HIV/AIDS is by far one of the most devastating global epidemics that has baffled clinicians and researchers worldwide. Strides to mitigate the catastrophic effects that troubled those living with HIV in the 20th century are apparent. They stem from the meticulous research into understanding the virus to ongoing trials to find an HIV vaccine.

Various drugs, termed antiretroviral therapies, have proved essential in reducing the burden of the disease and its complications. Fewer people die of AIDS-related illnesses now than in the 1980s. Nonetheless, continued rhetoric about living with HIV and efforts to mitigate its spread must suffice if we envision a 95-95-95 strategy by 2030.

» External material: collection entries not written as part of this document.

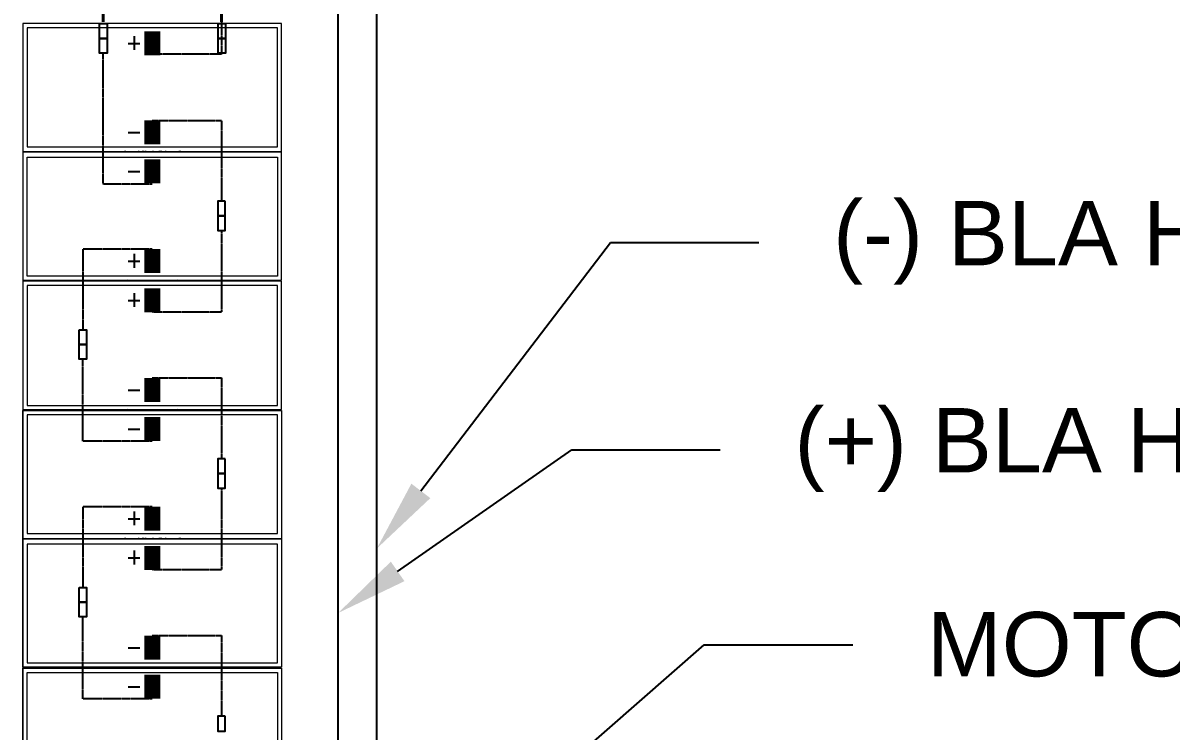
# Model space of a CAD drawing. Header units: feet. Extents: x -13743 to 68376, y -48 to 67763.
# Drawn here: x 6884.6 to 7241.2, y 65920.8 to 66140.6 of the extents above; entities that cross this region are included whole.
import ezdxf
from ezdxf import colors
from ezdxf.entities.mleader import LeaderData, LeaderLine
from ezdxf.lldxf.tags import DXFTag
from ezdxf.math import Vec2, Vec3

# ---------------------------------------------------------------- set-up
doc = ezdxf.new("R2010")
doc.units = ezdxf.units.FT
doc.header["$MEASUREMENT"] = 0
doc.linetypes.add('HIDDEN', pattern=[0.375, 0.25, -0.125])
for name, color, linetype in [('E-DC HARNESS-NEG', 170, 'DC HARNESS CABLE'), ('E-DC HARNESS-POS', 10, 'DC HARNESS CABLE'), ('E-HARN-COMP', 8, 'Continuous'), ('E-TRNK-CABL-NEG', 6, 'HIDDEN'), ('E-TRUNK-CABLE-POS', 6, 'HIDDEN'), ('G-ANNO-TEXT', 1, 'Continuous'), ('Polarity-Text', 7, 'Continuous')]:
    doc.layers.add(name, color=color, linetype=linetype)
doc.styles.add('NEI-A', font='arial.ttf')
doc.styles.get("Standard").update_dxf_attribs({"font": 'arial.ttf'})
tags = doc.linetypes.add('DC HARNESS CABLE', pattern='A,0.5,-0.2,["DH",Standard,S=0.1,R=0,X=-0.1,Y=-0.05],-0.2', length=0.9).pattern_tags.tags
tags[6] = DXFTag(74, 10)

# ---------------------------------------------------------------- blocks, each defined once
blk = doc.blocks.new('A$C47dfd34d')
at = {"lineweight": 5}
for points in [[(11.6112, 0.4133), (10.1696, 0.4133)], [(10.5812, 0.235), (10.5829, 0.2467), (10.5829, 0.2433)], [(10.7879, 0.235), (10.7879, 0.2467), (10.7879, 0.2433)], [(10.9929, 0.235), (10.9946, 0.2467), (10.9946, 0.2433)], [(11.1995, 0.235), (11.2012, 0.2467), (11.2012, 0.2433)], [(11.4062, 0.235), (11.4062, 0.2467), (11.4062, 0.2433)], [(10.5812, 0.2283), (10.5829, 0.2283)], [(10.5829, 0.2217), (10.5812, 0.2217)], [(10.7879, 0.2283), (10.7896, 0.2283)], [(10.7879, 0.2217), (10.7896, 0.2217)], [(10.9929, 0.2283), (10.9946, 0.2283)], [(10.9946, 0.2217), (10.9929, 0.2217)], [(11.1995, 0.2283), (11.2012, 0.2283)], [(11.2012, 0.2217), (11.1995, 0.2217)], [(11.4062, 0.2283), (11.4079, 0.2283)], [(11.4062, 0.2217), (11.4079, 0.2217)], [(10.5812, 0.22), (10.5829, 0.22)], [(10.5829, 0.2167), (10.5812, 0.2167), (10.5829, 0.2183)], [(10.5812, 0.2067), (10.5829, 0.2083)], [(10.5829, 0.205), (10.5812, 0.205)], [(10.7879, 0.22), (10.7896, 0.22)], [(10.7879, 0.2183), (10.7879, 0.2167), (10.7896, 0.2167)], [(10.7879, 0.2067), (10.7879, 0.2083)], [(10.7879, 0.205), (10.7896, 0.205)], [(10.9929, 0.22), (10.9946, 0.22)], [(10.9946, 0.2167), (10.9929, 0.2167), (10.9946, 0.2183)], [(10.9929, 0.2067), (10.9946, 0.2083)], [(10.9946, 0.205), (10.9929, 0.205)], [(11.1995, 0.22), (11.2012, 0.22)], [(11.2012, 0.2167), (11.1995, 0.2167), (11.2012, 0.2183)], [(11.1995, 0.2067), (11.2012, 0.2083)], [(11.2012, 0.205), (11.1995, 0.205)], [(11.4062, 0.22), (11.4079, 0.22)], [(11.4062, 0.2183), (11.4062, 0.2167), (11.4079, 0.2167)], [(11.4062, 0.2067), (11.4062, 0.2083)], [(11.4062, 0.205), (11.4079, 0.205)], [(10.5812, 0.195), (10.5829, 0.195)], [(10.5829, 0.1933), (10.5812, 0.1933)], [(10.5812, 0.1917), (10.5829, 0.1917)], [(10.5829, 0.185), (10.5812, 0.185)], [(10.7879, 0.195), (10.7896, 0.195)], [(10.7879, 0.1933), (10.7896, 0.1933)], [(10.7879, 0.1917), (10.7896, 0.1917)], [(10.7879, 0.185), (10.7896, 0.185)], [(10.9929, 0.195), (10.9946, 0.195)], [(10.9946, 0.1933), (10.9929, 0.1933)], [(10.9929, 0.1917), (10.9946, 0.1917)], [(10.9946, 0.185), (10.9929, 0.185)], [(11.1995, 0.195), (11.2012, 0.195)], [(11.2012, 0.1933), (11.1995, 0.1933)], [(11.1995, 0.1917), (11.2012, 0.1917)], [(11.2012, 0.185), (11.1995, 0.185)], [(11.4062, 0.195), (11.4079, 0.195)], [(11.4062, 0.1933), (11.4079, 0.1933)], [(11.4062, 0.1917), (11.4079, 0.1917)], [(11.4062, 0.185), (11.4079, 0.185)], [(10.5829, 0.17), (10.5829, 0.1667), (10.5812, 0.1783)], [(10.5829, 0.1667), (10.5829, 0.1667)], [(10.7879, 0.17), (10.7879, 0.1667), (10.7879, 0.1783)], [(10.7879, 0.1667), (10.7879, 0.1667)], [(10.9946, 0.17), (10.9946, 0.1667), (10.9929, 0.1783)], [(10.9946, 0.1667), (10.9946, 0.1667)], [(11.2012, 0.17), (11.2012, 0.1667), (11.1995, 0.1783)], [(11.2012, 0.1667), (11.2012, 0.1667)], [(11.4062, 0.17), (11.4062, 0.1667), (11.4062, 0.1783)], [(11.4062, 0.1667), (11.4062, 0.1667)], [(10.5812, 0.1633), (10.5829, 0.1633)], [(10.5812, 0.1617), (10.5829, 0.1617)], [(10.7879, 0.1633), (10.7896, 0.1633)], [(10.7879, 0.1617), (10.7896, 0.1617)], [(10.9929, 0.1633), (10.9946, 0.1633)], [(10.9929, 0.1617), (10.9946, 0.1617)], [(11.1995, 0.1633), (11.2012, 0.1633)], [(11.1995, 0.1617), (11.2012, 0.1617)], [(11.4062, 0.1633), (11.4079, 0.1633)], [(11.4062, 0.1617), (11.4079, 0.1617)]]:
    blk.add_lwpolyline(points, dxfattribs=at)
for points in [[(10.5812, 0.4133), (10.5812, 0), (10.3762, 0), (10.3762, 0.4133)], [(10.3829, 0.4067), (10.5746, 0.4067), (10.5746, 0.0067), (10.3829, 0.0067)], [(10.5829, 0.4133), (10.7879, 0.4133), (10.7879, 0), (10.5829, 0)], [(10.5896, 0.4067), (10.5896, 0.0067), (10.7796, 0.0067), (10.7796, 0.4067)], [(10.7879, 0.4133), (10.9929, 0.4133), (10.9929, 0), (10.7879, 0)], [(10.7962, 0.4067), (10.7962, 0.0067), (10.9862, 0.0067), (10.9862, 0.4067)], [(10.9946, 0), (11.1995, 0), (11.1995, 0.4133), (10.9946, 0.4133)], [(11.0012, 0.0067), (11.1929, 0.0067), (11.1929, 0.4067), (11.0012, 0.4067)], [(11.2012, 0.4133), (11.2012, 0), (11.4062, 0), (11.4062, 0.4133)], [(11.3979, 0.4067), (11.3979, 0.0067), (11.2079, 0.0067), (11.2079, 0.4067)], [(11.6112, 0.4133), (11.4062, 0.4133), (11.4062, 0), (11.6112, 0)], [(11.4145, 0.0067), (11.6045, 0.0067), (11.6045, 0.4067), (11.4145, 0.4067)], [(10.5829, 0.25), (10.5812, 0.25)], [(10.7896, 0.25), (10.7879, 0.25)], [(10.9946, 0.25), (10.9929, 0.25)], [(11.2012, 0.25), (11.1995, 0.25)], [(11.4079, 0.25), (11.4062, 0.25)]]:
    blk.add_lwpolyline(points, close=True, dxfattribs=at)

msp = doc.modelspace()

# ---------------------------------------------------------------- linework, layer by layer
at = {"layer": 'E-DC HARNESS-NEG', "ltscale": 0.5}
msp.add_lwpolyline([(6994.53, 65819.13), (6994.53, 66471.61)], dxfattribs=at)
at = {"layer": 'E-DC HARNESS-POS', "ltscale": 0.5}
msp.add_lwpolyline([(6982.53, 65837.13), (6982.53, 66432.03)], dxfattribs=at)
at = {"layer": 'E-HARN-COMP'}
for points in [[(6908.4, 66140.43), (6910.72, 66140.43), (6910.72, 66135.87), (6908.4, 66135.87)], [(6945.21, 66140.43), (6947.53, 66140.43), (6947.53, 66135.87), (6945.21, 66135.87)], [(6908.4, 66135.87), (6910.72, 66135.87), (6910.72, 66131.3), (6908.4, 66131.3)], [(6945.21, 66135.87), (6947.53, 66135.87), (6947.53, 66131.3), (6945.21, 66131.3)], [(6947.46, 66085.35), (6945.13, 66085.35), (6945.13, 66080.78), (6947.46, 66080.78)], [(6947.46, 66080.78), (6945.13, 66080.78), (6945.13, 66076.22), (6947.46, 66076.22)], [(6902.06, 66045.34), (6904.39, 66045.34), (6904.39, 66040.78), (6902.06, 66040.78)], [(6902.06, 66040.78), (6904.39, 66040.78), (6904.39, 66036.22), (6902.06, 66036.22)], [(6947.46, 66005.35), (6945.13, 66005.35), (6945.13, 66000.78), (6947.46, 66000.78)], [(6947.46, 66000.78), (6945.13, 66000.78), (6945.13, 65996.22), (6947.46, 65996.22)], [(6902.06, 65965.35), (6904.39, 65965.35), (6904.39, 65960.78), (6902.06, 65960.78)], [(6902.06, 65960.78), (6904.39, 65960.78), (6904.39, 65956.22), (6902.06, 65956.22)], [(6947.46, 65925.35), (6945.13, 65925.35), (6945.13, 65920.78), (6947.46, 65920.78)]]:
    msp.add_lwpolyline(points, close=True, dxfattribs=at)
at = {"layer": 'E-HARN-COMP', "const_width": 5}
for points in [[(6924.76, 66138.03), (6924.76, 66130.57)], [(6924.76, 66110.42), (6924.76, 66102.96)], [(6924.76, 66090.83), (6924.76, 66098.28)], [(6924.76, 66070.42), (6924.76, 66062.97)], [(6924.76, 66050.83), (6924.76, 66058.28)], [(6924.76, 66030.42), (6924.76, 66022.96)], [(6924.76, 66010.83), (6924.76, 66018.28)], [(6924.76, 65990.42), (6924.76, 65982.97)], [(6924.76, 65970.83), (6924.76, 65978.28)], [(6924.76, 65950.42), (6924.76, 65942.96)], [(6924.76, 65930.83), (6924.76, 65938.28)]]:
    msp.add_lwpolyline(points, dxfattribs=at)
at = {"layer": 'E-TRNK-CABL-NEG', "color": 7, "linetype": 'Continuous', "ltscale": 0.1, "const_width": 1}
for points in [[(6909.52, 66140.93), (6909.52, 66187.72)], [(6946.29, 66140.93), (6946.29, 66187.72)]]:
    msp.add_lwpolyline(points, dxfattribs=at)
at = {"layer": 'E-TRNK-CABL-NEG', "ltscale": 0.1}
for points in [[(6924.76, 66090.55), (6909.53, 66090.55), (6909.53, 66131.18)], [(6924.76, 66110.41), (6946.3, 66110.41), (6946.3, 66085.34)], [(6924.76, 66010.83), (6903.23, 66010.83), (6903.23, 66036.22)], [(6924.76, 66030.41), (6946.3, 66030.41), (6946.3, 66005.34)], [(6924.76, 65930.83), (6903.23, 65930.83), (6903.23, 65956.22)], [(6924.76, 65950.42), (6946.3, 65950.42), (6946.3, 65925.35)]]:
    msp.add_lwpolyline(points, dxfattribs=at)
at = {"layer": 'E-TRUNK-CABLE-POS', "ltscale": 0.1}
for points in [[(6946.3, 66185.7), (6946.3, 66130.98), (6924.76, 66130.98)], [(6946.3, 66076.22), (6946.3, 66050.83), (6924.76, 66050.83)], [(6924.76, 66070.42), (6903.23, 66070.42), (6903.23, 66045.34)], [(6946.3, 65996.22), (6946.3, 65970.83), (6924.76, 65970.83)], [(6924.76, 65990.42), (6903.23, 65990.42), (6903.23, 65965.35)]]:
    msp.add_lwpolyline(points, dxfattribs=at)
at = {"layer": 'Polarity-Text'}
for p, q in [((6919.11, 66136.54), (6919.11, 66132.26)), ((6917.3, 66134.26), (6920.92, 66134.26)), ((6917.3, 66106.61), (6920.92, 66106.61)), ((6917.3, 66094.48), (6920.92, 66094.48)), ((6919.11, 66068.93), (6919.11, 66064.66)), ((6917.3, 66066.66), (6920.92, 66066.66)), ((6919.11, 66056.79), (6919.11, 66052.52)), ((6917.3, 66054.52), (6920.92, 66054.52)), ((6917.3, 66026.61), (6920.92, 66026.61)), ((6917.3, 66014.48), (6920.92, 66014.48)), ((6919.11, 65988.93), (6919.11, 65984.66)), ((6917.3, 65986.66), (6920.92, 65986.66)), ((6917.3, 65974.52), (6920.92, 65974.52)), ((6919.11, 65976.79), (6919.11, 65972.52)), ((6917.3, 65946.61), (6920.92, 65946.61)), ((6917.3, 65934.48), (6920.92, 65934.48))]:
    msp.add_line(p, q, dxfattribs=at)

# ---------------------------------------------------------------- next in the draw order: leaders
at = {"layer": 'G-ANNO-TEXT'}
ml = msp.add_multileader_mtext('Standard', dxfattribs=at)
ml.set_content('MOTOR GAP STRING JUMPER', color=256, style='NEI-A')
ml.set_leader_properties()
ml.build(insert=Vec2(0, 0))
ml.multileader.update_dxf_attribs({"dogleg_length": 0.36, "arrow_head_size": 22.51})
ctx = ml.context
ctx.base_point, ctx.char_height, ctx.arrow_head_size, ctx.landing_gap_size, ctx.plane_origin = Vec3(7142.33, 65947.58, -22.9), 20, 22.51, 23.05, Vec3(14582.45, 60250.26, -22.9)
notes = []
notes.append((ctx, [(0, (1, 1, 0), (7096.23, 65947.58, -22.9), (1, 0), 46.1, [(0, [(6946.15, 65816.13, -22.9)], 0, [])])]))
ctx.mtext.insert, ctx.mtext.width, ctx.mtext.flow_direction = Vec3(7165.38, 65957.75, -22.9), 406.5438, 5
ctx.mtext.has_bg_fill, ctx.mtext.bg_color, ctx.mtext.bg_scale_factor, ctx.mtext.bg_transparency, ctx.mtext.use_window_bg_color = 1, -1073741824, 1.5, 0, 1
for ctx, leaders in notes:
    for number, flags, end, landing, length, lines in leaders:
        leader = LeaderData()
        leader.index, (leader.has_last_leader_line, leader.has_dogleg_vector, leader.attachment_direction) = number, flags
        leader.last_leader_point, leader.dogleg_vector, leader.dogleg_length = Vec3(end), Vec3(landing), length
        for number, points, colour, breaks in lines:
            line = LeaderLine()
            line.index, line.vertices, line.color, line.breaks = number, Vec3.list(points), colors.encode_raw_color(colour), breaks
            leader.lines.append(line)
        ctx.leaders.append(leader)

# ---------------------------------------------------------------- next in the draw order: block references
at = {"xscale": 194.318304, "yscale": 194.318304, "zscale": 194.318304, "rotation": 90}
msp.add_blockref('A$C47dfd34d', (6964.92, 63884.17), dxfattribs=at)

# ---------------------------------------------------------------- next in the draw order: leaders
at = {"layer": 'G-ANNO-TEXT'}
ml = msp.add_multileader_mtext('Standard', dxfattribs=at)
ml.set_content('(+) BLA HARNESS', color=256, style='NEI-A')
ml.set_leader_properties()
ml.build(insert=Vec2(0, 0))
ml.multileader.update_dxf_attribs({"dogleg_length": 0.36, "arrow_head_size": 22.51})
ctx = ml.context
ctx.base_point, ctx.char_height, ctx.arrow_head_size, ctx.landing_gap_size, ctx.plane_origin = Vec3(7101.21, 66008.13), 20, 22.51, 23.05, Vec3(14541.33, 60445.73)
notes = []
notes.append((ctx, [(0, (1, 1, 0), (7055.11, 66008.13), (1, 0), 46.1, [(1, [(6982.53, 65957.46)], 0, [])])]))
ctx.mtext.insert, ctx.mtext.width, ctx.mtext.flow_direction = Vec3(7124.26, 66021.07), 451.5779, 5
ctx.mtext.has_bg_fill, ctx.mtext.bg_color, ctx.mtext.bg_scale_factor, ctx.mtext.bg_transparency, ctx.mtext.use_window_bg_color = 1, -1073741824, 1.5, 0, 1
for ctx, leaders in notes:
    for number, flags, end, landing, length, lines in leaders:
        leader = LeaderData()
        leader.index, (leader.has_last_leader_line, leader.has_dogleg_vector, leader.attachment_direction) = number, flags
        leader.last_leader_point, leader.dogleg_vector, leader.dogleg_length = Vec3(end), Vec3(landing), length
        for number, points, colour, breaks in lines:
            line = LeaderLine()
            line.index, line.vertices, line.color, line.breaks = number, Vec3.list(points), colors.encode_raw_color(colour), breaks
            leader.lines.append(line)
        ctx.leaders.append(leader)

# ---------------------------------------------------------------- next in the draw order: leaders
ml = msp.add_multileader_mtext('Standard', dxfattribs=at)
ml.set_content('(-) BLA HARNESS', color=256, style='NEI-A')
ml.set_leader_properties()
ml.build(insert=Vec2(0, 0))
ml.multileader.update_dxf_attribs({"dogleg_length": 0.36, "arrow_head_size": 22.51})
ctx = ml.context
ctx.base_point, ctx.char_height, ctx.arrow_head_size, ctx.landing_gap_size, ctx.plane_origin = Vec3(7113.21, 66072.45), 20, 22.51, 23.05, Vec3(14553.33, 60465.73)
notes = []
notes.append((ctx, [(0, (1, 1, 0), (7067.11, 66072.45), (1, 0), 46.1, [(1, [(6994.53, 65977.46)], 0, [])])]))
ctx.mtext.insert, ctx.mtext.width, ctx.mtext.flow_direction = Vec3(7136.26, 66085.39), 451.5779, 5
ctx.mtext.has_bg_fill, ctx.mtext.bg_color, ctx.mtext.bg_scale_factor, ctx.mtext.bg_transparency, ctx.mtext.use_window_bg_color = 1, -1073741824, 1.5, 0, 1
for ctx, leaders in notes:
    for number, flags, end, landing, length, lines in leaders:
        leader = LeaderData()
        leader.index, (leader.has_last_leader_line, leader.has_dogleg_vector, leader.attachment_direction) = number, flags
        leader.last_leader_point, leader.dogleg_vector, leader.dogleg_length = Vec3(end), Vec3(landing), length
        for number, points, colour, breaks in lines:
            line = LeaderLine()
            line.index, line.vertices, line.color, line.breaks = number, Vec3.list(points), colors.encode_raw_color(colour), breaks
            leader.lines.append(line)
        ctx.leaders.append(leader)

doc.saveas('drawing.dxf')

For a disease that has afflicted almost every household in Africa, it becomes prudent that clinicians continue to be at the forefront through educating the masses about the prevention measures that are in place to halt HIV spread. Today, we highlight the roles of clinicians in mitigating disease spread.

According to UNAIDS, by 2020, about 37.7 million people were living with HIV globally. 1.5 million acquired the infection, and 680,000 died from AIDS-related illnesses. 27.5 million people were accessing antiretroviral therapy. Since the start of the epidemic, 79.3 million people have acquired HIV, and 36.3 million have died from AIDS-related illnesses. It is noteworthy that two-thirds of people living with HIV are in sub-Saharan Africa.

Human Immunodeficiency Virus is still a substantial burden in sub-Saharan Africa. It is, therefore, imperative that we highlight key roles clinicians should put forth to mitigate the spread of the disease that has slowly become inhouse.

First, all clinicians should become comfortable talking about sex and sexuality – making it a habit to request HIV tests. Unprotected, unsafe sex with a person living with HIV remains the mainstay of disease spread. If a young clinician isn’t comfortable about the topic, they should get help from senior colleagues such that we don’t miss opportunities.

Encourage HIV testing and early diagnosis.

Through the sex and sexuality talk, endeavour to avoid infringement on the patients’ rights. It is the clinician’s role to assert a few facts about the spread of the disease. A patient should know that the risk of acquiring HIV is 35 times higher if they inject drugs: 34 times higher for transgender women: 26 times higher for sex workers, and 25 times higher among gay men and other men who have sex with men. Do not withhold this information. Preventing HIV depends on clinicians advocating and promoting lifelong safer sex through research-proven means. It probably saves more souls if you advocate for abstinence among unmarried individuals: faithfulness among the married couples. They should get off the sexual network.

Second, warn everyone about the catastrophe that will arise from sexual tourism or promiscuity. Explain the dangers of alcohol in undermining safe sex messages. Teach the public the skills of sexual negotiation. It is grievous to be ignorant about religion when talking to people about lifestyle practices.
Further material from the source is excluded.